◆ **The task**
Transcribe the data below verbatim from the line with "circle A3 centre (60.1677, -60.1677)" to the line with "point P19 (0, 0)". Include both of those lines.

◆ **Extracted entries**
───
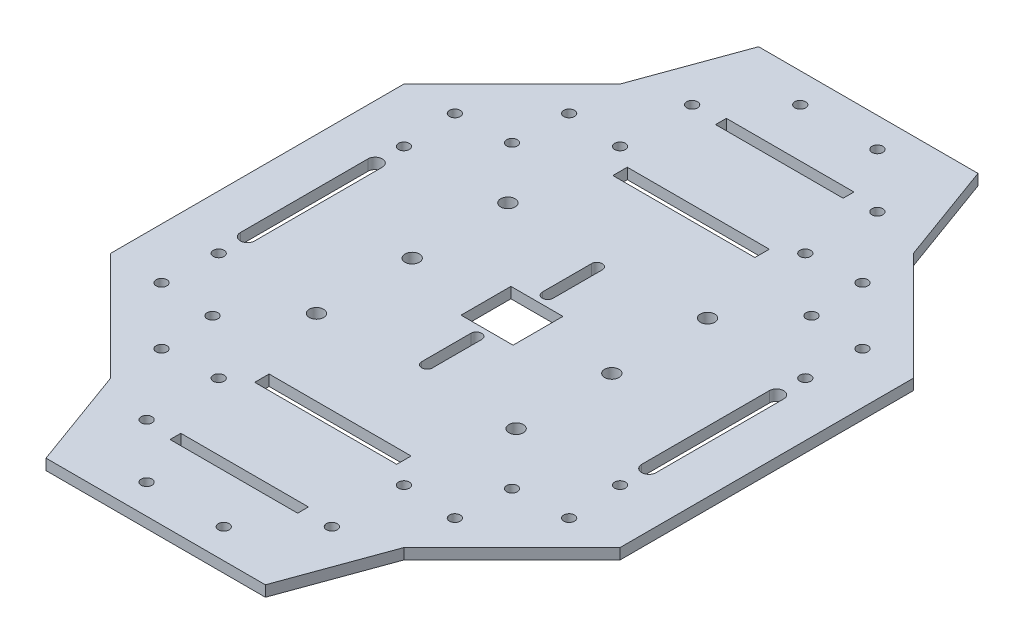
SolidWorks part; units mm, degrees
ref_plane "前视基准面" through (0, 0, 0) normal (0, 0, 1) x (1, 0, 0)
ref_plane "上视基准面" through (0, 0, 0) normal (0, 1, 0) x (1, 0, 0)
ref_plane "右视基准面" through (0, 0, 0) normal (1, 0, 0) x (0, 0, -1)
other "Configuration Table"
sketch "草图1" plane through (0, 0, 0) normal (0, 1, 0) x (1, 0, 0)
  line L0 (-70.7107, -70.7107) -> (70.7107, -70.7107)
  line L3 (70.7107, -70.7107) -> (70.7107, 70.7107)
  line L4 (70.7107, 70.7107) -> (-70.7107, 70.7107)
  line L5 (-70.7107, 70.7107) -> (-70.7107, -70.7107)
extrude "凸台-拉伸1" add sketch "草图1" along normal blind 3
sketch "草图2" plane through (0, 0, 0) normal (0, 1, 0) x (1, 0, 0)
  line L0 (-70.7107, 70.7107) -> (-40.7107, 70.7107)
  line L1 (70.7107, 70.7107) -> (-70.7107, 70.7107) construction
  line L2 (-70.7107, 70.7107) -> (-70.7107, 40.7107)
  line L3 (-70.7107, 70.7107) -> (-70.7107, -70.7107) construction
  line L4 (-40.7107, 70.7107) -> (-70.7107, 40.7107)
extrude "切除-拉伸1" cut sketch "草图2" along normal blind 3
mirror "镜向1" about plane through (0, 0, 0) normal (1, 0, 0) of "切除-拉伸1" second plane through (0, 0, 0) second plane normal (0, 0, 1)
sketch "草图3" plane through (0, 0, 0) normal (0, 1, 0) x (1, 0, 0)
  circle A0 centre (-56.5685, 40.7107) radius 1.5
  circle A1 centre (-40.7107, 56.5685) radius 1.5
  circle A2 centre (-41.5685, 41.5685) radius 1.5
extrude "切除-拉伸2" cut sketch "草图3" along normal blind 3
mirror "镜向2" about plane through (0, 0, 0) normal (0, 0, 1) of "切除-拉伸2" second plane through (0, 0, 0) second plane normal (1, 0, 0)
sketch "草图4" plane through (0, 0, 0) normal (0, 1, 0) x (1, 0, 0)
  circle A0 centre (-27.7107, 26.5685) radius 2
  circle A1 centre (-27.7107, -26.5685) radius 2
  circle A2 centre (-27.7107, 0) radius 2
extrude "切除-拉伸3" cut sketch "草图4" along normal blind 3
mirror "镜向3" about plane through (0, 0, 0) normal (1, 0, 0) of "切除-拉伸3"
sketch "草图5" plane through (0, 0, 0) normal (0, 1, 0) x (1, 0, 0)
  circle A0 centre (-55.7107, 25.7107) radius 1.5
extrude "切除-拉伸4" cut sketch "草图5" along normal blind 3
mirror "镜向4" about plane through (0, 0, 0) normal (1, 0, 0) of "切除-拉伸4" second plane through (0, 0, 0) second plane normal (0, 0, 1)
sketch "草图6" plane through (0, 0, 0) normal (0, 1, 0) x (1, 0, 0)
  circle A0 centre (-25.7107, 55.7107) radius 1.5
extrude "切除-拉伸5" cut sketch "草图6" along normal blind 3
mirror "镜向5" about plane through (0, 0, 0) normal (0, 0, 1) of "切除-拉伸5" second plane through (0, 0, 0) second plane normal (1, 0, 0)
sketch "草图7" plane through (0, 0, 0) normal (0, 1, 0) x (1, 0, 0)
  line L3 (-55.7107, 17.7107) -> (-55.7107, -17.7107) construction
  line L4 (-53.7107, 17.7107) -> (-53.7107, -17.7107)
  line L5 (-57.7107, 17.7107) -> (-57.7107, -17.7107)
  arc A0 (-53.7107, 17.7107) -> (-57.7107, 17.7107) centre (-55.7107, 17.7107) ccw
  arc A1 (-57.7107, -17.7107) -> (-53.7107, -17.7107) centre (-55.7107, -17.7107) ccw
  point P4 (-55.7107, 0)
extrude "切除-拉伸6" cut sketch "草图7" along normal blind 3
mirror "镜向6" about plane through (0, 0, 0) normal (1, 0, 0) of "切除-拉伸6"
sketch "草图8" plane through (0, 0, 0) normal (0, 1, 0) x (1, 0, 0)
  line L3 (7.2183, 6.9207) -> (-7.2183, 6.9207)
  line L4 (-7.2183, 6.9207) -> (-7.2183, -6.9207)
  line L5 (-7.2183, -6.9207) -> (7.2183, -6.9207)
  line L6 (7.2183, -6.9207) -> (7.2183, 6.9207)
extrude "切除-拉伸7" cut sketch "草图8" along normal blind 3
sketch "草图9" plane through (0, 0, 0) normal (0, 1, 0) x (1, 0, 0)
  line L5 (0, -9.9207) -> (0, -23.5685) construction
  line L6 (1.5, -9.9207) -> (1.5, -23.5685)
  line L7 (-1.5, -9.9207) -> (-1.5, -23.5685)
  arc A0 (1.5, -9.9207) -> (-1.5, -9.9207) centre (0, -9.9207) ccw
  arc A1 (-1.5, -23.5685) -> (1.5, -23.5685) centre (0, -23.5685) ccw
  point P10 (0, -16.7446)
extrude "切除-拉伸8" cut sketch "草图9" along normal blind 3
mirror "镜向7" about plane through (0, 0, 0) normal (0, 0, 1) of "切除-拉伸8"
sketch "草图10" plane through (0, 0, 0) normal (0, 1, 0) x (1, 0, 0)
  line L0 (-19.7107, 51.7107) -> (-19.7107, 51.4904)
  line L4 (-19.7107, 51.7107) -> (19.7107, 51.7107)
  line L5 (19.7107, 51.7107) -> (19.7107, 47.7107)
  line L6 (19.7107, 47.7107) -> (-19.7107, 47.7107)
  line L7 (-19.7107, 47.7107) -> (-19.7107, 51.4904)
extrude "切除-拉伸10" cut sketch "草图10" along normal blind 3
mirror "镜向8" about plane through (0, 0, 0) normal (0, 0, 1) of "切除-拉伸10"
sketch "草图11" plane through (0, 3, 0) normal (0, 1, 0) x (1, 0, 0)
  line L0 (-40.7107, 70.7107) -> (-30.4501, 98.9015)
  line L1 (40.7107, 70.7107) -> (30.4501, 98.9015)
  line L3 (-30.4501, 98.9015) -> (30.4501, 98.9015)
  line L4 (-40.7107, 70.7107) -> (40.7107, 70.7107)
extrude "凸台-拉伸2" add sketch "草图11" against normal blind 3
mirror "镜向9" about plane through (0, 0, 0) normal (1, 0, 0) of "凸台-拉伸2" second plane through (0, 0, 0) second plane normal (0, 0, 1)
sketch "草图13" plane through (0, 0, 0) normal (0, -1, 0) x (1, 0, 0)
  line L6 (-17.7107, 75.7107) -> (-17.7107, 77.2107)
  line L7 (-17.7107, 75.7107) -> (-17.7107, 74.2107)
  line L8 (-17.7107, 74.2107) -> (0, 74.2107)
  line L9 (0, 74.2107) -> (0, 77.2107)
  line L10 (0, 77.2107) -> (-17.7107, 77.2107)
  circle A0 centre (-25.7107, 75.7107) radius 1.5
  circle A1 centre (-10.7107, 90.7107) radius 1.5
extrude "切除-拉伸11" cut sketch "草图13" against normal blind 3
mirror "镜向10" about plane through (0, 0, 0) normal (1, 0, 0) of "切除-拉伸11"
mirror "镜向11" about plane through (0, 0, 0) normal (0, 0, 1) of "镜向10"
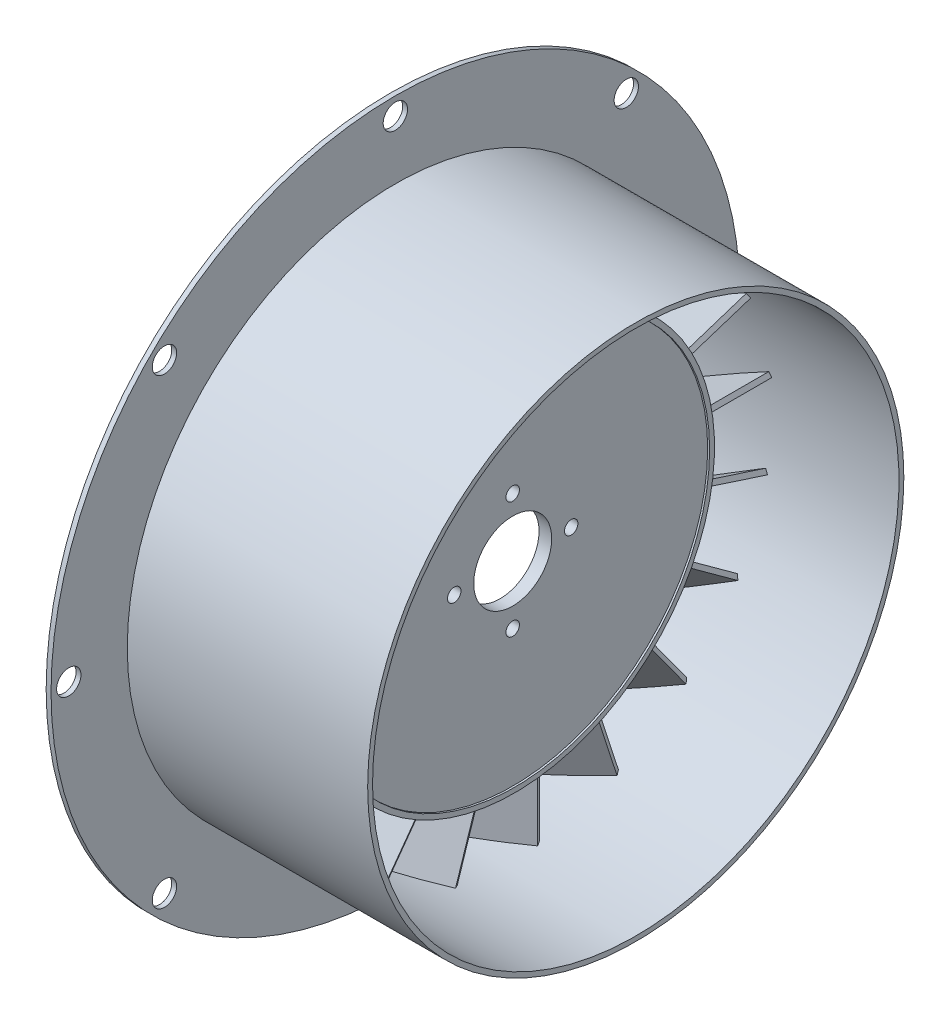
SolidWorks part; units mm, degrees
ref_plane "Front Plane" through (0, 0, 0) normal (0, 0, 1) x (1, 0, 0)
ref_plane "Top Plane" through (0, 0, 0) normal (0, 1, 0) x (1, 0, 0)
ref_plane "Right Plane" through (0, 0, 0) normal (1, 0, 0) x (0, 0, -1)
sketch "Sketch1" plane through (0, 0, 0) normal (0, 1, 0) x (1, 0, 0)
  line L0 (3.302, 0) -> (3.302, 50.8)
  line L1 (3.302, 50.8) -> (3.81, 50.8)
  line L2 (3.81, 50.8) -> (3.81, 52.07)
  line L3 (3.81, 52.07) -> (-25.4, 52.07)
  line L4 (-25.4, 52.07) -> (-25.4, 50.8)
  line L5 (-25.4, 50.8) -> (0, 50.8)
  line L6 (0, 50.8) -> (0, 0)
  line L7 (0, 0) -> (3.302, 0)
  dimension "D1" = 3.302
  dimension "D2" = 1.27
  dimension "D3" = 50.8
  dimension "D4" = 29.21
  dimension "D5" = 25.4
revolve "Revolve1" add sketch "Sketch1" angle 360 about L7
ref_plane "Plane1" through (0, 0, 83.82) normal (0, 0, 1) x (1, 0, 0)
sketch "Sketch2" plane through (0, 0, 83.82) normal (0, 0, 1) x (1, 0, 0)
  line L0 (-24.3107, 7.0701) -> (2.0857, -8.1699)
  line L1 (2.0857, -8.1699) -> (2.7207, -7.0701)
  line L3 (2.7207, -7.0701) -> (-23.6757, 8.1699)
  line L4 (-23.6757, 8.1699) -> (-24.3107, 7.0701)
  line L5 (-25.4, 0) -> (3.81, 0) construction
  line L6 (-25.4, 52.07) -> (-25.4, -52.07) construction
  line L7 (3.81, -52.07) -> (3.81, 52.07) construction
  line L8 (-11.1125, -0.5499) -> (-10.4775, 0.5499) construction
  point P4 (-10.795, 0)
  point P13 (-10.795, 0)
  dimension "D1" = 1.27
  dimension "D2" = 30
  dimension "D3" = 30.48
extrude "Boss-Extrude1" add sketch "Sketch2" along normal blind 16.51 from surface starting at face at (-25.4, 0, 52.07)
pattern_circular "CirPattern15" count 20 over 360 about axis through (3.81, 0, 0) along (-1, 0, 0) of "Boss-Extrude1"
sketch "Sketch7" plane through (3.302, 0, 0) normal (1, 0, 0) x (0, 0, -1)
  circle A0 centre (0, 15.24) radius 1.7526
  circle A1 centre (0, 0) radius 10.16
  circle A2 centre (15.24, 0) radius 1.7526
  circle A3 centre (0, -15.24) radius 1.7526
  circle A4 centre (-15.24, 0) radius 1.7526
  point P14 (0, 0)
  dimension "D1" = 3.5052
  dimension "D3" = 20.32
  dimension "D2" = 15.24
  dimension "D4" = 4
extrude "Cut-Extrude1" cut sketch "Sketch7" against normal through all
sketch "Sketch8" plane through (0, 0, 0) normal (0, 0, 1) x (1, 0, 0)
  line L0 (35.3606, 69.85) -> (35.3606, 68.58)
  line L1 (35.3606, 68.58) -> (-28.5393, 68.58)
  line L2 (-28.5393, -76.2) -> (-28.5393, 76.2) construction
  line L3 (-28.5393, 68.58) -> (-28.5393, 89.7168)
  line L5 (-28.5393, 89.7168) -> (-27.2693, 89.7168)
  line L6 (-27.2693, 89.7168) -> (-27.2693, 69.85)
  line L7 (-27.2693, 69.85) -> (35.3606, 69.85)
  line L8 (35.3606, -69.85) -> (35.3606, 69.85) construction
  line L9 (-93.6879, 0) -> (-7.1026, 0) construction
  line L10 (0, 0) -> (79.505, 0) construction
  dimension "D1" = 68.58
  dimension "D2" = 1.27
  dimension "D3" = 1.27
revolve "Revolve2" add sketch "Sketch8" angle 360 about L10
sketch "Sketch9" plane through (-27.2693, 0, 0) normal (1, 0, 0) x (0, 0, -1)
  circle A0 centre (0, 85.09) radius 3.175
  circle A1 centre (60.1677, 60.1677) radius 3.175
  circle A2 centre (85.09, 0) radius 3.175
  circle A3 centre (60.1677, -60.1677) radius 3.175
  circle A4 centre (0, -85.09) radius 3.175
  circle A5 centre (-60.1677, -60.1677) radius 3.175
  circle A6 centre (-85.09, 0) radius 3.175
  circle A7 centre (-60.1677, 60.1677) radius 3.175
  point P19 (0, 0)
  dimension "D1" = 6.35
  dimension "D2" = 85.09
  dimension "D3" = 8
extrude "Cut-Extrude2" cut sketch "Sketch9" against normal blind 2.54
───
◆ **Result of the task**
  circle A3 centre (60.1677, -60.1677) radius 3.175
  circle A4 centre (0, -85.09) radius 3.175
  circle A5 centre (-60.1677, -60.1677) radius 3.175
  circle A6 centre (-85.09, 0) radius 3.175
  circle A7 centre (-60.1677, 60.1677) radius 3.175
  point P19 (0, 0)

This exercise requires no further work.